Exercise directions:
Every line with "Standard" in it must be copied from the data.

[Data for review]

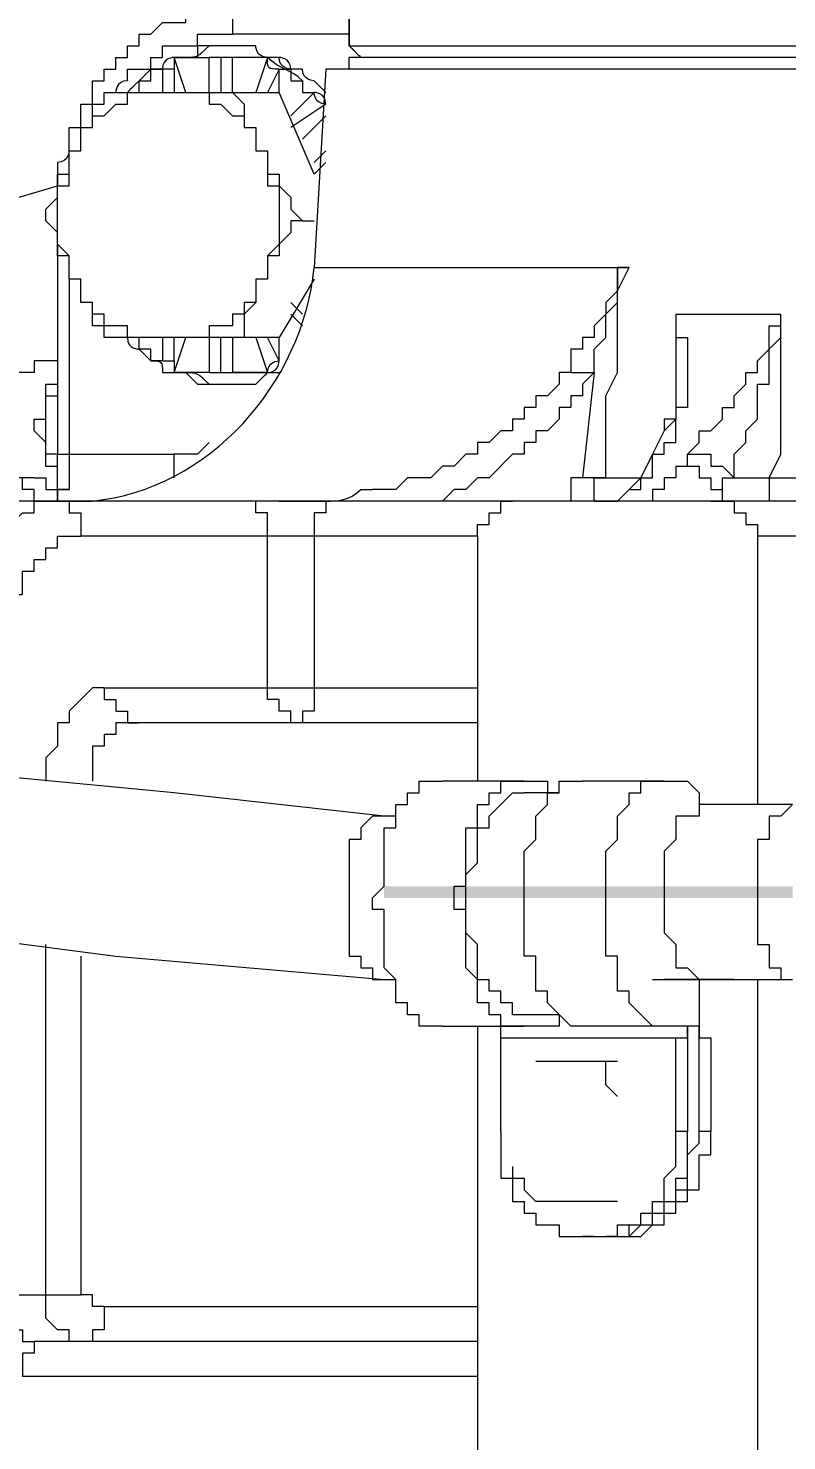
# Model space of a CAD drawing. Header units: millimetres. Extents: x 25083 to 52777, y 24772 to 45779.
# Drawn here: x 39252.31 to 39276.45, y 33855.01 to 33899.95 of the extents above; entities that cross this region are included whole.
import ezdxf

# ---------------------------------------------------------------- set-up
doc = ezdxf.new("R2010")
doc.units = ezdxf.units.MM
doc.styles.get("Standard").update_dxf_attribs({"font": ''})
doc.styles.get('Standard').set_extended_font_data('SimSun')
doc.dimstyles.new('ISO-25', dxfattribs={"dimtxt": 2.5, "dimasz": 2.5, "dimexe": 1.25, "dimexo": 0.625, "dimtad": 1, "dimtxsty": 'Standard', "dimcen": 2.5, "dimadec": 0, "dimazin": 0, "dimtfac": 1, "dimtmove": 0, "dimatfit": 3, "dimfxl": 1, "dimarcsym": 0})

# ---------------------------------------------------------------- blocks, each defined once
blk = doc.blocks.new('*D925')
at = {"color": 0, "lineweight": -2}
for p, q in [((29677.862, 34881.662), (29677.862, 32448.293)), ((40733.017, 34757.645), (40733.017, 32448.293)), ((29680.362, 32449.543), (40730.517, 32449.543))]:
    blk.add_line(p, q, dxfattribs=at)
at = {"color": 0}
for points in [[(29680.362, 32449.96), (29680.362, 32449.127), (29677.862, 32449.543)], [(40730.517, 32449.127), (40730.517, 32449.96), (40733.017, 32449.543)]]:
    blk.add_solid(points, dxfattribs=at)
at = {"layer": 'DEFPOINTS', "color": 0}
for p in [(29677.862, 34882.287), (40733.017, 34758.27), (40733.017, 32449.543)]:
    blk.add_point(p, dxfattribs=at)
at = {"color": 0, "insert": (35205.439, 32451.628), "char_height": 2.5, "attachment_point": 5}
blk.add_mtext('11055,15', dxfattribs=at)
blk = doc.blocks.new('zw$D2F4')
h = blk.add_hatch(color=7)
h.dxf.hatch_style = 2
h.paths.add_polyline_path([(692.956, 227.272), (692.956, 224.301), (693.327, 224.301), (693.327, 227.272)])
h = blk.add_hatch(color=7)
h.dxf.hatch_style = 2
h.paths.add_polyline_path([(692.956, 224.301), (692.956, 217.245), (693.327, 217.245), (693.327, 224.301)])
h = blk.add_hatch(color=7)
h.dxf.hatch_style = 2
h.paths.add_polyline_path([(692.956, 217.245), (692.956, 214.274), (693.327, 214.274), (693.327, 217.245)])
at = {"color": 7, "lineweight": 5}
for points in [[(706.325, 238.412), (706.325, 336.823)], [(705.582, 198.677), (705.582, 267.007)], [(693.699, 259.209), (692.956, 252.153), (692.213, 244.354), (691.099, 235.813), (690.356, 227.272)], [(695.555, 227.272), (696.298, 233.956), (697.041, 241.755), (698.155, 250.296), (698.898, 258.837)], [(713.752, 243.983), (715.609, 237.67)], [(680.33, 241.012), (680.33, 236.927)], [(680.33, 239.527), (679.587, 239.527), (679.216, 239.155), (679.216, 238.784), (678.844, 238.784), (678.844, 238.412)], [(698.898, 239.527), (701.497, 239.527), (701.869, 239.155), (702.611, 239.155), (702.611, 238.784), (703.354, 238.784), (703.354, 238.412), (703.725, 238.412), (703.725, 238.041), (704.097, 238.041), (704.097, 237.67), (704.468, 237.67), (704.468, 236.927)], [(704.468, 239.527), (705.211, 238.784), (705.211, 238.412)], [(705.953, 238.412), (705.953, 238.784), (706.325, 238.784), (706.325, 239.155)], [(710.038, 238.041), (710.038, 238.412), (709.667, 238.412), (709.667, 239.155), (709.296, 239.155)], [(677.73, 224.301), (677.73, 238.784)], [(678.844, 238.412), (678.473, 238.412), (678.473, 238.784), (678.102, 238.784), (677.73, 238.784)], [(678.844, 224.301), (678.844, 238.412)], [(705.211, 238.412), (705.582, 238.412), (705.582, 237.67)], [(706.325, 238.412), (706.325, 238.041), (705.953, 238.041), (705.953, 237.67), (705.582, 237.67), (705.582, 237.298)], [(705.582, 238.041), (705.582, 238.412), (705.953, 238.412)], [(707.439, 238.041), (707.81, 238.412), (708.182, 238.412), (708.182, 238.041), (708.924, 238.041), (709.296, 238.041), (709.296, 237.67)], [(679.216, 237.67), (679.587, 238.041), (680.33, 238.041)], [(680.33, 238.041), (691.47, 238.041)], [(699.64, 236.184), (699.64, 236.556), (698.898, 237.298), (698.526, 237.298), (698.526, 237.67), (697.784, 237.67), (697.412, 238.041), (696.669, 238.041)], [(705.582, 237.67), (705.582, 238.041)], [(706.696, 238.041), (707.439, 238.041)], [(707.068, 237.67), (707.068, 238.041), (707.439, 238.041)], [(707.439, 238.041), (708.924, 238.041), (708.924, 237.67)], [(712.638, 237.298), (713.381, 237.298), (713.381, 237.67), (714.123, 237.67), (714.495, 238.041)], [(714.495, 238.041), (714.866, 238.041), (715.237, 237.67), (715.98, 237.67), (715.98, 237.298), (716.723, 237.298)], [(678.844, 236.927), (678.844, 237.298), (679.216, 237.298), (679.216, 237.67)], [(705.582, 237.67), (705.582, 237.298), (705.211, 237.298), (705.211, 236.927), (704.839, 236.927), (704.468, 236.927)], [(705.582, 237.67), (705.953, 237.67), (705.953, 237.298)], [(705.582, 237.298), (705.582, 236.556)], [(705.953, 237.67), (706.696, 237.67)], [(705.953, 237.67), (705.953, 237.298)], [(706.325, 237.298), (705.953, 237.298)], [(707.068, 237.298), (706.325, 237.298)], [(706.696, 237.67), (707.068, 237.67)], [(713.752, 237.67), (707.068, 237.67)], [(707.068, 237.67), (707.068, 233.956)], [(712.638, 237.298), (707.068, 237.298)], [(710.781, 235.813), (710.781, 236.184), (711.152, 236.184), (711.152, 236.556), (711.895, 236.556), (711.895, 236.927), (712.638, 236.927), (712.638, 237.298)], [(710.781, 234.328), (710.781, 235.442), (711.152, 235.442), (711.152, 236.184), (711.524, 236.184), (711.524, 236.556), (711.895, 236.556), (711.895, 236.927), (712.638, 236.927), (712.638, 237.298)], [(712.638, 237.298), (713.381, 237.298), (713.752, 237.67), (715.609, 237.67), (715.609, 237.298), (716.723, 237.298)], [(716.723, 237.298), (716.723, 236.927), (717.466, 236.927), (717.466, 236.556), (718.208, 236.556), (718.208, 236.184), (718.58, 236.184), (718.58, 235.813)], [(716.723, 237.298), (716.723, 236.927), (717.466, 236.927), (717.466, 236.556), (717.837, 236.556), (717.837, 236.184), (718.208, 235.813), (718.208, 235.442), (718.58, 235.442), (718.58, 234.328)], [(716.723, 237.298), (717.466, 237.298), (717.466, 236.927), (718.208, 236.927), (718.208, 236.556), (718.951, 236.556), (718.951, 236.184)], [(679.958, 236.184), (679.216, 236.184), (679.216, 236.556), (678.844, 236.556), (678.844, 236.927)], [(679.958, 236.184), (679.958, 236.556), (680.33, 236.556), (680.33, 236.927)], [(691.099, 236.927), (680.33, 236.927)], [(704.468, 224.301), (704.468, 236.927)], [(705.582, 236.556), (705.582, 236.927)], [(698.526, 235.07), (698.526, 235.813), (698.155, 235.813), (698.155, 236.184), (697.784, 236.184), (697.784, 236.556), (696.669, 236.556)], [(679.958, 236.184), (679.958, 224.301)], [(699.64, 236.184), (699.269, 236.184), (699.269, 235.813), (698.898, 235.813), (698.898, 235.442), (698.526, 235.442), (698.526, 235.07)], [(699.64, 236.184), (699.64, 224.301)], [(718.951, 236.184), (719.322, 236.184), (719.322, 235.813), (719.694, 235.813), (719.694, 235.442), (720.065, 235.442), (720.065, 235.07), (720.436, 235.07), (720.436, 234.699), (720.808, 234.328), (720.808, 233.585), (721.179, 233.585), (721.179, 232.471)], [(710.781, 230.614), (710.781, 235.813)], [(718.58, 235.813), (718.58, 230.614)], [(698.526, 224.301), (698.526, 235.07)], [(710.038, 234.328), (710.038, 234.699), (710.41, 234.699), (710.41, 235.07), (710.781, 235.07)], [(718.58, 235.07), (718.951, 235.07), (718.951, 234.699), (719.322, 234.699), (719.322, 234.328)], [(718.951, 235.442), (719.322, 235.442), (719.322, 234.699), (719.694, 234.699)], [(719.694, 234.699), (719.694, 234.328), (720.065, 234.328), (720.065, 233.213), (720.436, 233.213), (720.436, 232.471), (720.436, 232.099)], [(710.781, 234.328), (710.038, 234.328)], [(712.638, 230.985), (712.638, 231.357), (711.895, 231.357), (711.895, 231.728), (711.524, 231.728), (711.524, 232.099), (711.152, 232.099), (711.152, 232.842), (710.781, 232.842), (710.781, 234.328)], [(718.58, 234.328), (718.58, 232.842), (718.208, 232.842), (718.208, 232.471), (717.837, 232.099), (717.837, 231.728), (717.466, 231.728), (717.466, 231.357), (716.723, 231.357), (716.723, 230.985)], [(719.322, 234.328), (718.58, 234.328)], [(706.325, 233.956), (707.068, 233.956)], [(707.439, 232.842), (707.068, 233.213), (707.068, 233.956)], [(709.667, 233.956), (709.667, 233.585), (709.296, 233.213), (709.296, 232.842)], [(709.667, 233.956), (710.781, 233.585)], [(709.667, 232.842), (709.667, 233.956)], [(710.038, 233.956), (710.781, 233.956)], [(718.58, 233.585), (719.694, 233.956)], [(719.322, 233.956), (718.58, 233.956)], [(719.694, 233.956), (719.694, 232.842)], [(720.065, 232.842), (720.065, 233.213), (719.694, 233.213), (719.694, 233.956)], [(710.781, 232.842), (709.667, 232.842)], [(718.58, 232.842), (719.694, 232.842)], [(709.667, 232.471), (710.781, 232.471)], [(719.694, 232.471), (718.58, 232.471)], [(710.781, 232.099), (709.667, 232.099)], [(709.667, 230.985), (709.667, 232.099)], [(712.638, 230.985), (712.638, 231.357), (711.895, 231.357), (711.524, 231.728), (710.781, 231.728), (710.781, 232.099)], [(718.58, 232.099), (718.208, 231.728), (717.466, 231.728), (717.466, 231.357), (716.723, 231.357), (716.723, 230.985)], [(718.58, 232.099), (719.694, 232.099)], [(720.436, 228.386), (720.436, 232.099)], [(721.179, 231.728), (721.179, 232.099), (720.436, 232.099)], [(704.468, 230.985), (705.211, 230.985), (705.211, 231.357), (705.582, 231.357), (705.582, 231.728)], [(719.694, 230.614), (719.694, 231.728)], [(698.526, 229.871), (698.526, 230.243), (698.898, 230.243), (698.898, 230.614), (699.269, 230.614), (699.269, 230.985), (699.64, 230.985)], [(699.64, 230.985), (704.468, 230.985)], [(710.781, 231.357), (709.667, 230.985)], [(710.038, 230.614), (710.781, 230.985)], [(716.723, 230.985), (715.609, 230.985), (715.609, 230.614), (713.752, 230.614), (713.381, 230.985), (712.638, 230.985)], [(714.495, 229.871), (714.495, 230.243), (714.123, 230.243), (713.752, 230.614), (713.381, 230.614), (713.381, 230.985), (712.638, 230.985)], [(716.723, 230.985), (715.98, 230.985), (715.98, 230.614), (715.609, 230.614), (715.237, 230.243), (714.866, 230.243), (714.495, 229.871)], [(719.694, 230.985), (718.58, 231.357)], [(719.322, 230.614), (718.58, 230.985)], [(710.038, 230.614), (710.781, 230.614)], [(712.638, 229.5), (710.781, 230.614)], [(715.98, 229.5), (718.58, 230.614)], [(718.58, 230.614), (719.322, 230.614)], [(719.322, 230.614), (719.322, 230.243), (718.951, 230.243), (718.951, 229.871), (718.58, 229.871), (718.58, 229.5)], [(711.524, 230.243), (711.152, 229.871)], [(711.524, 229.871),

[/Data for review]

Result of this exercise:
doc.styles.get("Standard").update_dxf_attribs({"font": ''})
doc.styles.get('Standard').set_extended_font_data('SimSun')
doc.dimstyles.new('ISO-25', dxfattribs={"dimtxt": 2.5, "dimasz": 2.5, "dimexe": 1.25, "dimexo": 0.625, "dimtad": 1, "dimtxsty": 'Standard', "dimcen": 2.5, "dimadec": 0, "dimazin": 0, "dimtfac": 1, "dimtmove": 0, "dimatfit": 3, "dimfxl": 1, "dimarcsym": 0})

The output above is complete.